Das Aspekt Ratio wird vorzugsweise mittels elektronenmikroskopischer
Aufnahmen als Mittelwert (Zahlenmittel) ermittelt. In diesem Zusammenhang werden vorzugsweise nur Teilchen mit einer Teilchengröße (längste Ausdehnung) im Bereich von 0,1 pm bis 10,0 pm berücksichtigt.
Ganz besonders vorteilhaft ist die Verwendung von aragonitischen
Calciumcarbonat-Teilchen, insbesondere von nadeiförmigen, aragonitischen Calciumcarbonat-Teilchen.

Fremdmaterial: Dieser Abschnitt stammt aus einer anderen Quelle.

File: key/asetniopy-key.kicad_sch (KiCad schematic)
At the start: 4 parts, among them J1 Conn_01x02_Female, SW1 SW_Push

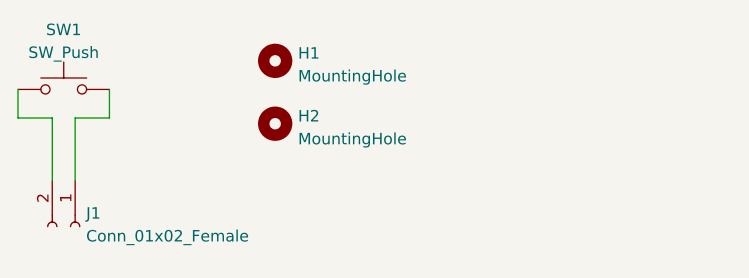
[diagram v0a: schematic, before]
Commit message: Add mouse bites for key mounting section
* Move keeb.io lib up for re-use of the submodule.
* Add second jumper to the key PCB.
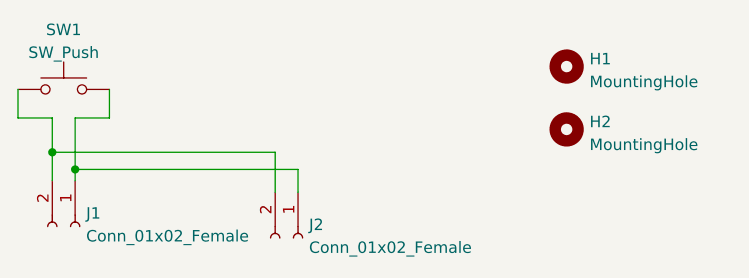
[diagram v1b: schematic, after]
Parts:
- added J2: Conn_01x02_Female, Connector_Molex:Molex_Pico-EZmate_78171-0002_1x02-1MP_P1.20mm_Vertical, symbol Connector:Conn_01x02_Female
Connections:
- net at J1.2 (Pin_2), SW1.1: now also J2.2 (Pin_2)
- net at J1.1 (Pin_1), SW1.2: now also J2.1 (Pin_1)
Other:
- moved on the sheet: H1, H2
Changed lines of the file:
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@@
 (kicad_sch (version 20211123) (generator eeschema)
   (paper "A4")
+  (junction (at 40.64 46.99) (diameter 0) (color 0 0 0 0)
+  )
+  (junction (at 43.18 48.895) (diameter 0) (color 0 0 0 0)
+  )
+  (wire (pts (xy 43.18 48.895) (xy 43.18 50.165))
+    (stroke (width 0) (type default) (color 0 0 0 0))
+  )
   (wire (pts (xy 46.99 43.18) (xy 43.18 43.18))
     (stroke (width 0) (type default) (color 0 0 0 0))
   )
-  (wire (pts (xy 43.18 43.18) (xy 43.18 50.165))
+  (wire (pts (xy 43.18 43.18) (xy 43.18 48.895))
     (stroke (width 0) (type default) (color 0 0 0 0))
   )
-  (wire (pts (xy 40.64 50.165) (xy 40.64 43.18))
+  (wire (pts (xy 40.64 50.165) (xy 40.64 46.99))
+    (stroke (width 0) (type default) (color 0 0 0 0))
+  )
+  (wire (pts (xy 67.945 48.895) (xy 67.945 51.435))
     (stroke (width 0) (type default) (color 0 0 0 0))
   )
@@
     (stroke (width 0) (type default) (color 0 0 0 0))
   )
+  (wire (pts (xy 43.18 48.895) (xy 67.945 48.895))
+    (stroke (width 0) (type default) (color 0 0 0 0))
+  )
   (wire (pts (xy 46.99 40.005) (xy 46.99 43.18))
+    (stroke (width 0) (type default) (color 0 0 0 0))
+  )
+  (wire (pts (xy 40.64 46.99) (xy 40.64 43.18))
+    (stroke (width 0) (type default) (color 0 0 0 0))
+  )
+  (wire (pts (xy 40.64 46.99) (xy 65.405 46.99))
+    (stroke (width 0) (type default) (color 0 0 0 0))
+  )
+  (wire (pts (xy 65.405 46.99) (xy 65.405 51.435))
     (stroke (width 0) (type default) (color 0 0 0 0))
   )
@@
     (stroke (width 0) (type default) (color 0 0 0 0))
   )
-  (symbol (lib_id "Mechanical:MountingHole") (at 65.405 36.83 0) (unit 1)
+  (symbol (lib_id "Mechanical:MountingHole") (at 97.79 37.465 0) (unit 1)
     (in_bom yes) (on_board yes) (fields_autoplaced)
-    (property "Reference" "H1" (id 0) (at 67.945 35.9953 0)
+    (property "Reference" "H1" (id 0) (at 100.33 36.6303 0)
       (effects (font (size 1.27 1.27)) (justify left))
     )
-    (property "Value" "MountingHole" (id 1) (at 67.945 38.5322 0)
+    (property "Value" "MountingHole" (id 1) (at 100.33 39.1672 0)
       (effects (font (size 1.27 1.27)) (justify left))
     )
-    (property "Footprint" "MountingHole:MountingHole_2.2mm_M2_Pad_TopBottom" (id 2) (at 65.405 36.83 0)
+    (property "Footprint" "MountingHole:MountingHole_2.2mm_M2_Pad_TopBottom" (id 2) (at 97.79 37.465 0)
       (effects (font (size 1.27 1.27)) hide)
     )
-    (property "Datasheet" "~" (id 3) (at 65.405 36.83 0)
+    (property "Datasheet" "~" (id 3) (at 97.79 37.465 0)
       (effects (font (size 1.27 1.27)) hide)
     )
   )
-  (symbol (lib_id "Mechanical:MountingHole") (at 65.405 43.815 0) (unit 1)
+  (symbol (lib_id "Mechanical:MountingHole") (at 97.79 44.45 0) (unit 1)
     (in_bom yes) (on_board yes) (fields_autoplaced)
-    (property "Reference" "H2" (id 0) (at 67.945 42.9803 0)
+    (property "Reference" "H2" (id 0) (at 100.33 43.6153 0)
       (effects (font (size 1.27 1.27)) (justify left))
     )
-    (property "Value" "MountingHole" (id 1) (at 67.945 45.5172 0)
+    (property "Value" "MountingHole" (id 1) (at 100.33 46.1522 0)
       (effects (font (size 1.27 1.27)) (justify left))
     )
-    (property "Footprint" "MountingHole:MountingHole_2.2mm_M2_Pad_TopBottom" (id 2) (at 65.405 43.815 0)
+    (property "Footprint" "MountingHole:MountingHole_2.2mm_M2_Pad_TopBottom" (id 2) (at 97.79 44.45 0)
       (effects (font (size 1.27 1.27)) hide)
     )
-    (property "Datasheet" "~" (id 3) (at 65.405 43.815 0)
+    (property "Datasheet" "~" (id 3) (at 97.79 44.45 0)
       (effects (font (size 1.27 1.27)) hide)
     )
@@
     (pin "2")
   )
+  (symbol (lib_id "Connector:Conn_01x02_Female") (at 67.945 56.515 270) (unit 1)
+    (in_bom yes) (on_board yes) (fields_autoplaced)
+    (property "Reference" "J2" (id 0) (at 69.1642 55.0453 90)
+      (effects (font (size 1.27 1.27)) (justify left))
+    )
+    (property "Value" "Conn_01x02_Female" (id 1) (at 69.1642 57.5822 90)
+      (effects (font (size 1.27 1.27)) (justify left))
+    )
+    (property "Footprint" "Connector_Molex:Molex_Pico-EZmate_78171-0002_1x02-1MP_P1.20mm_Vertical" (id 2) (at 67.945 56.515 0)
+      (effects (font (size 1.27 1.27)) hide)
+    )
+    (property "Datasheet" "~" (id 3) (at 67.945 56.515 0)
+      (effects (font (size 1.27 1.27)) hide)
+    )
+    (pin "1")
+    (pin "2")
+  )
   (sheet_instances
     (path "/" (page "1"))
@@
       (reference "J1") (unit 1) (value "Conn_01x02_Female") (footprint "Connector_Molex:Molex_Pico-EZmate_78171-0002_1x02-1MP_P1.20mm_Vertical")
     )
+    (path "/ff37b986-3284-431b-ad92-88224d1a5b96"
+      (reference "J2") (unit 1) (value "Conn_01x02_Female") (footprint "Connector_Molex:Molex_Pico-EZmate_78171-0002_1x02-1MP_P1.20mm_Vertical")
+    )
     (path "/845252a2-11c5-481f-8b1b-666245be2afa"

Das Aspekt Ratio (Seitenverhältnis) dieser Calciumcarbonat-Partikel ist
vorzugsweise größer 5,0, bevorzugt größer 6,0, besonders bevorzugt größer 7,0, günstigerweise größer 8,0, noch mehr bevorzugt größer 9,0, insbesondere größer 10,0. Weiterhin sind die Calciumcarbonat-Partikel vorzugsweise mindestens 0,2 pm, bevorzugt mindestens 0,5 pm, insbesondere mindestens 0,8 pm, lang und vorzugsweise höchstens 0,12 pm, bevorzugt höchstens 0,10 pm, insbesondere höchstens 0,08 pm, dick. Darüber hinaus weisen vorzugsweise mindestens 90 %, günstigerweise mindestens 95 % aller Teilchen, ein Aspekt Ratio (Seitenverhältnis) größer 5,0, bevorzugt größer 6,0, besonders bevorzugt größer 7,0, günstigerweise größer 8,0, noch mehr bevorzugt größer 9,0, insbesondere größer 10,0, auf.
Weiterhin hat sich der Einsatz von calcitischen Calciumcarbonat-Teilchen, insbesondere von Calciumcarbonat-Teilchen mit einem Aspekt Ratio kleiner 5,0, bevorzugt kleiner 4,0, besonders bevorzugt kleiner 3,0, günstigerweise kleiner 2,0, noch mehr bevorzugt kleiner 1 ,5, insbesondere kleiner 1 ,1 , besonders bewährt.
Die vorstehend genannten gefällten Calciumcarbonat-Teilchen können auf an sich bekannte Weise hergestellt werden. Üblicherweise werden sie durch ein
Carbonatisierungs-Verfahren erhalten, bei welchem man ein Kohlendioxid-haltiges Gas durch eine wässrige Lösung von Calciumhydroxid oder Kalkmilch in einem Carbonatisierungsreaktor leitet. Andere anorganische Materialien, wie Alaun, können mit dem PCC ggf. co-ausgefällt oder auf die Oberfläche der Teilchen ausgefällt werden. Beispielsweise beschreibt US 5,783,038 ein besonderes Verfahren zur Herstellung von PCC-Teilchen, obwohl Abwandlungen im konkreten Syntheseweg, optionale Additive oder Agenzien, andere Verfahrensbedingungen und physikalische und chemische Behandlungsverfahren nach der Fällung genutzt werden können, um die Partikelgröße, die Morphologie oder die Art der Calciumcarbonat-Teilchen zu verändern. Gefällte Calciumcarbonat-Teilchen (PCC) unterscheiden sich deutlich von gemahlenem Calciumcarbonat in ihren physikalischen und chemischen Eigenschaften.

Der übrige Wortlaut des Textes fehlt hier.